(Stored items)
-*-*-
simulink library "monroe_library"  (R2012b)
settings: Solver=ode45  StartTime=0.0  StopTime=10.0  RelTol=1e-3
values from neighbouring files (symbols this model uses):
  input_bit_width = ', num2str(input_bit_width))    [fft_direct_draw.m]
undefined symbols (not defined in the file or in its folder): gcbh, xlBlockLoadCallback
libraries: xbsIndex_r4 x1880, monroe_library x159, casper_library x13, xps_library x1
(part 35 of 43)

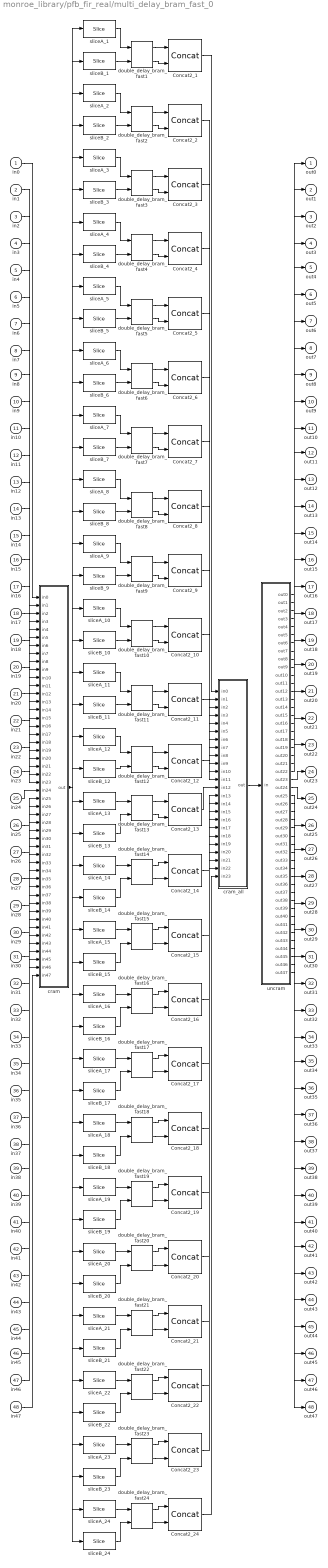
== system monroe_library/pfb_fir_real/multi_delay_bram_fast_0 ==
  in0 : Inport
  in1 : Inport  Port=2
  in2 : Inport  Port=3
  in3 : Inport  Port=4
  in4 : Inport  Port=5
  in5 : Inport  Port=6
  in6 : Inport  Port=7
  in7 : Inport  Port=8
  in8 : Inport  Port=9
  in9 : Inport  Port=10
  in10 : Inport  Port=11
  in11 : Inport  Port=12
  in12 : Inport  Port=13
  in13 : Inport  Port=14
  in14 : Inport  Port=15
  in15 : Inport  Port=16
  in16 : Inport  Port=17
  in17 : Inport  Port=18
  in18 : Inport  Port=19
  in19 : Inport  Port=20
  in20 : Inport  Port=21
  in21 : Inport  Port=22
  in22 : Inport  Port=23
  in23 : Inport  Port=24
  in24 : Inport  Port=25
  in25 : Inport  Port=26
  in26 : Inport  Port=27
  in27 : Inport  Port=28
  in28 : Inport  Port=29
  in29 : Inport  Port=30
  in30 : Inport  Port=31
  in31 : Inport  Port=32
  in32 : Inport  Port=33
  in33 : Inport  Port=34
  in34 : Inport  Port=35
  in35 : Inport  Port=36
  in36 : Inport  Port=37
  in37 : Inport  Port=38
  in38 : Inport  Port=39
  in39 : Inport  Port=40
  in40 : Inport  Port=41
  in41 : Inport  Port=42
  in42 : Inport  Port=43
  in43 : Inport  Port=44
  in44 : Inport  Port=45
  in45 : Inport  Port=46
  in46 : Inport  Port=47
  in47 : Inport  Port=48
  Concat2_{1..24} (24 alike) : xbsIndex_r4/Concat  num_inputs=2  dbl_ovrd=off  block_type=concat
  cram : Subsystem
  cram_all : Subsystem
  double_delay_bram_fast{1..24} (24 alike) : monroe_library/double_delay_bram_fast  SystemSampleTime=-1  delay_len=1024  bram_latency=2  register_counter=0
  sliceA_1 : xbsIndex_r4/Slice  nbits=18  boolean_output=off  mode=Upper Bit Location + Width  bit1=-0  base1=MSB of Input  bit0=-0  base0=MSB of Input  dbl_ovrd=off  block_type=slice
  sliceA_10 : xbsIndex_r4/Slice  nbits=18  boolean_output=off  mode=Upper Bit Location + Width  bit1=-324  base1=MSB of Input  bit0=-324  base0=MSB of Input  dbl_ovrd=off  block_type=slice
  sliceA_11 : xbsIndex_r4/Slice  nbits=18  boolean_output=off  mode=Upper Bit Location + Width  bit1=-360  base1=MSB of Input  bit0=-360  base0=MSB of Input  dbl_ovrd=off  block_type=slice
  sliceA_12 : xbsIndex_r4/Slice  nbits=18  boolean_output=off  mode=Upper Bit Location + Width  bit1=-396  base1=MSB of Input  bit0=-396  base0=MSB of Input  dbl_ovrd=off  block_type=slice
  sliceA_13 : xbsIndex_r4/Slice  nbits=18  boolean_output=off  mode=Upper Bit Location + Width  bit1=-432  base1=MSB of Input  bit0=-432  base0=MSB of Input  dbl_ovrd=off  block_type=slice
  sliceA_14 : xbsIndex_r4/Slice  nbits=18  boolean_output=off  mode=Upper Bit Location + Width  bit1=-468  base1=MSB of Input  bit0=-468  base0=MSB of Input  dbl_ovrd=off  block_type=slice
  sliceA_15 : xbsIndex_r4/Slice  nbits=18  boolean_output=off  mode=Upper Bit Location + Width  bit1=-504  base1=MSB of Input  bit0=-504  base0=MSB of Input  dbl_ovrd=off  block_type=slice
  sliceA_16 : xbsIndex_r4/Slice  nbits=18  boolean_output=off  mode=Upper Bit Location + Width  bit1=-540  base1=MSB of Input  bit0=-540  base0=MSB of Input  dbl_ovrd=off  block_type=slice
  sliceA_17 : xbsIndex_r4/Slice  nbits=18  boolean_output=off  mode=Upper Bit Location + Width  bit1=-576  base1=MSB of Input  bit0=-576  base0=MSB of Input  dbl_ovrd=off  block_type=slice
  sliceA_18 : xbsIndex_r4/Slice  nbits=18  boolean_output=off  mode=Upper Bit Location + Width  bit1=-612  base1=MSB of Input  bit0=-612  base0=MSB of Input  dbl_ovrd=off  block_type=slice
  sliceA_19 : xbsIndex_r4/Slice  nbits=18  boolean_output=off  mode=Upper Bit Location + Width  bit1=-648  base1=MSB of Input  bit0=-648  base0=MSB of Input  dbl_ovrd=off  block_type=slice
  sliceA_2 : xbsIndex_r4/Slice  nbits=18  boolean_output=off  mode=Upper Bit Location + Width  bit1=-36  base1=MSB of Input  bit0=-36  base0=MSB of Input  dbl_ovrd=off  block_type=slice
  sliceA_20 : xbsIndex_r4/Slice  nbits=18  boolean_output=off  mode=Upper Bit Location + Width  bit1=-684  base1=MSB of Input  bit0=-684  base0=MSB of Input  dbl_ovrd=off  block_type=slice
  sliceA_21 : xbsIndex_r4/Slice  nbits=18  boolean_output=off  mode=Upper Bit Location + Width  bit1=-720  base1=MSB of Input  bit0=-720  base0=MSB of Input  dbl_ovrd=off  block_type=slice
  sliceA_22 : xbsIndex_r4/Slice  nbits=18  boolean_output=off  mode=Upper Bit Location + Width  bit1=-756  base1=MSB of Input  bit0=-756  base0=MSB of Input  dbl_ovrd=off  block_type=slice
  sliceA_23 : xbsIndex_r4/Slice  nbits=18  boolean_output=off  mode=Upper Bit Location + Width  bit1=-792  base1=MSB of Input  bit0=-792  base0=MSB of Input  dbl_ovrd=off  block_type=slice
  sliceA_24 : xbsIndex_r4/Slice  nbits=18  boolean_output=off  mode=Upper Bit Location + Width  bit1=-828  base1=MSB of Input  bit0=-828  base0=MSB of Input  dbl_ovrd=off  block_type=slice
  sliceA_3 : xbsIndex_r4/Slice  nbits=18  boolean_output=off  mode=Upper Bit Location + Width  bit1=-72  base1=MSB of Input  bit0=-72  base0=MSB of Input  dbl_ovrd=off  block_type=slice
  sliceA_4 : xbsIndex_r4/Slice  nbits=18  boolean_output=off  mode=Upper Bit Location + Width  bit1=-108  base1=MSB of Input  bit0=-108  base0=MSB of Input  dbl_ovrd=off  block_type=slice
  sliceA_5 : xbsIndex_r4/Slice  nbits=18  boolean_output=off  mode=Upper Bit Location + Width  bit1=-144  base1=MSB of Input  bit0=-144  base0=MSB of Input  dbl_ovrd=off  block_type=slice
  sliceA_6 : xbsIndex_r4/Slice  nbits=18  boolean_output=off  mode=Upper Bit Location + Width  bit1=-180  base1=MSB of Input  bit0=-180  base0=MSB of Input  dbl_ovrd=off  block_type=slice
  sliceA_7 : xbsIndex_r4/Slice  nbits=18  boolean_output=off  mode=Upper Bit Location + Width  bit1=-216  base1=MSB of Input  bit0=-216  base0=MSB of Input  dbl_ovrd=off  block_type=slice
  sliceA_8 : xbsIndex_r4/Slice  nbits=18  boolean_output=off  mode=Upper Bit Location + Width  bit1=-252  base1=MSB of Input  bit0=-252  base0=MSB of Input  dbl_ovrd=off  block_type=slice
  sliceA_9 : xbsIndex_r4/Slice  nbits=18  boolean_output=off  mode=Upper Bit Location + Width  bit1=-288  base1=MSB of Input  bit0=-288  base0=MSB of Input  dbl_ovrd=off  block_type=slice
  sliceB_1 : xbsIndex_r4/Slice  nbits=18  boolean_output=off  mode=Upper Bit Location + Width  bit1=-18  base1=MSB of Input  bit0=-18  base0=MSB of Input  dbl_ovrd=off  block_type=slice
  sliceB_10 : xbsIndex_r4/Slice  nbits=18  boolean_output=off  mode=Upper Bit Location + Width  bit1=-342  base1=MSB of Input  bit0=-342  base0=MSB of Input  dbl_ovrd=off  block_type=slice
  sliceB_11 : xbsIndex_r4/Slice  nbits=18  boolean_output=off  mode=Upper Bit Location + Width  bit1=-378  base1=MSB of Input  bit0=-378  base0=MSB of Input  dbl_ovrd=off  block_type=slice
  sliceB_12 : xbsIndex_r4/Slice  nbits=18  boolean_output=off  mode=Upper Bit Location + Width  bit1=-414  base1=MSB of Input  bit0=-414  base0=MSB of Input  dbl_ovrd=off  block_type=slice
  sliceB_13 : xbsIndex_r4/Slice  nbits=18  boolean_output=off  mode=Upper Bit Location + Width  bit1=-450  base1=MSB of Input  bit0=-450  base0=MSB of Input  dbl_ovrd=off  block_type=slice
  sliceB_14 : xbsIndex_r4/Slice  nbits=18  boolean_output=off  mode=Upper Bit Location + Width  bit1=-486  base1=MSB of Input  bit0=-486  base0=MSB of Input  dbl_ovrd=off  block_type=slice
  sliceB_15 : xbsIndex_r4/Slice  nbits=18  boolean_output=off  mode=Upper Bit Location + Width  bit1=-522  base1=MSB of Input  bit0=-522  base0=MSB of Input  dbl_ovrd=off  block_type=slice
  sliceB_16 : xbsIndex_r4/Slice  nbits=18  boolean_output=off  mode=Upper Bit Location + Width  bit1=-558  base1=MSB of Input  bit0=-558  base0=MSB of Input  dbl_ovrd=off  block_type=slice
  sliceB_17 : xbsIndex_r4/Slice  nbits=18  boolean_output=off  mode=Upper Bit Location + Width  bit1=-594  base1=MSB of Input  bit0=-594  base0=MSB of Input  dbl_ovrd=off  block_type=slice
  sliceB_18 : xbsIndex_r4/Slice  nbits=18  boolean_output=off  mode=Upper Bit Location + Width  bit1=-630  base1=MSB of Input  bit0=-630  base0=MSB of Input  dbl_ovrd=off  block_type=slice
  sliceB_19 : xbsIndex_r4/Slice  nbits=18  boolean_output=off  mode=Upper Bit Location + Width  bit1=-666  base1=MSB of Input  bit0=-666  base0=MSB of Input  dbl_ovrd=off  block_type=slice
  sliceB_2 : xbsIndex_r4/Slice  nbits=18  boolean_output=off  mode=Upper Bit Location + Width  bit1=-54  base1=MSB of Input  bit0=-54  base0=MSB of Input  dbl_ovrd=off  block_type=slice
  sliceB_20 : xbsIndex_r4/Slice  nbits=18  boolean_output=off  mode=Upper Bit Location + Width  bit1=-702  base1=MSB of Input  bit0=-702  base0=MSB of Input  dbl_ovrd=off  block_type=slice
  sliceB_21 : xbsIndex_r4/Slice  nbits=18  boolean_output=off  mode=Upper Bit Location + Width  bit1=-738  base1=MSB of Input  bit0=-738  base0=MSB of Input  dbl_ovrd=off  block_type=slice
  sliceB_22 : xbsIndex_r4/Slice  nbits=18  boolean_output=off  mode=Upper Bit Location + Width  bit1=-774  base1=MSB of Input  bit0=-774  base0=MSB of Input  dbl_ovrd=off  block_type=slice
  sliceB_23 : xbsIndex_r4/Slice  nbits=18  boolean_output=off  mode=Upper Bit Location + Width  bit1=-810  base1=MSB of Input  bit0=-810  base0=MSB of Input  dbl_ovrd=off  block_type=slice
  sliceB_24 : xbsIndex_r4/Slice  nbits=18  boolean_output=off  mode=Upper Bit Location + Width  bit1=-846  base1=MSB of Input  bit0=-846  base0=MSB of Input  dbl_ovrd=off  block_type=slice
  sliceB_3 : xbsIndex_r4/Slice  nbits=18  boolean_output=off  mode=Upper Bit Location + Width  bit1=-90  base1=MSB of Input  bit0=-90  base0=MSB of Input  dbl_ovrd=off  block_type=slice
  sliceB_4 : xbsIndex_r4/Slice  nbits=18  boolean_output=off  mode=Upper Bit Location + Width  bit1=-126  base1=MSB of Input  bit0=-126  base0=MSB of Input  dbl_ovrd=off  block_type=slice
  sliceB_5 : xbsIndex_r4/Slice  nbits=18  boolean_output=off  mode=Upper Bit Location + Width  bit1=-162  base1=MSB of Input  bit0=-162  base0=MSB of Input  dbl_ovrd=off  block_type=slice
  sliceB_6 : xbsIndex_r4/Slice  nbits=18  boolean_output=off  mode=Upper Bit Location + Width  bit1=-198  base1=MSB of Input  bit0=-198  base0=MSB of Input  dbl_ovrd=off  block_type=slice
  sliceB_7 : xbsIndex_r4/Slice  nbits=18  boolean_output=off  mode=Upper Bit Location + Width  bit1=-234  base1=MSB of Input  bit0=-234  base0=MSB of Input  dbl_ovrd=off  block_type=slice
  sliceB_8 : xbsIndex_r4/Slice  nbits=18  boolean_output=off  mode=Upper Bit Location + Width  bit1=-270  base1=MSB of Input  bit0=-270  base0=MSB of Input  dbl_ovrd=off  block_type=slice
  sliceB_9 : xbsIndex_r4/Slice  nbits=18  boolean_output=off  mode=Upper Bit Location + Width  bit1=-306  base1=MSB of Input  bit0=-306  base0=MSB of Input  dbl_ovrd=off  block_type=slice
  uncram : Subsystem
  out0 : Outport
  out1 : Outport  Port=2
  out2 : Outport  Port=3
  out3 : Outport  Port=4
  out4 : Outport  Port=5
  out5 : Outport  Port=6
  out6 : Outport  Port=7
  out7 : Outport  Port=8
  out8 : Outport  Port=9
  out9 : Outport  Port=10
  out10 : Outport  Port=11
  out11 : Outport  Port=12
  out12 : Outport  Port=13
  out13 : Outport  Port=14
  out14 : Outport  Port=15
  out15 : Outport  Port=16
  out16 : Outport  Port=17
  out17 : Outport  Port=18
  out18 : Outport  Port=19
  out19 : Outport  Port=20
  out20 : Outport  Port=21
  out21 : Outport  Port=22
  out22 : Outport  Port=23
  out23 : Outport  Port=24
  out24 : Outport  Port=25
  out25 : Outport  Port=26
  out26 : Outport  Port=27
  out27 : Outport  Port=28
  out28 : Outport  Port=29
  out29 : Outport  Port=30
  out30 : Outport  Port=31
  out31 : Outport  Port=32
  out32 : Outport  Port=33
  out33 : Outport  Port=34
  out34 : Outport  Port=35
  out35 : Outport  Port=36
  out36 : Outport  Port=37
  out37 : Outport  Port=38
  out38 : Outport  Port=39
  out39 : Outport  Port=40
  out40 : Outport  Port=41
  out41 : Outport  Port=42
  out42 : Outport  Port=43
  out43 : Outport  Port=44
  out44 : Outport  Port=45
  out45 : Outport  Port=46
  out46 : Outport  Port=47
  out47 : Outport  Port=48
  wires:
-*-*-
→ **TASK STATEMENT**:
If a line of the records contains the word "alike", count it; give only the total.

→ **TASK OUTPUT**:
2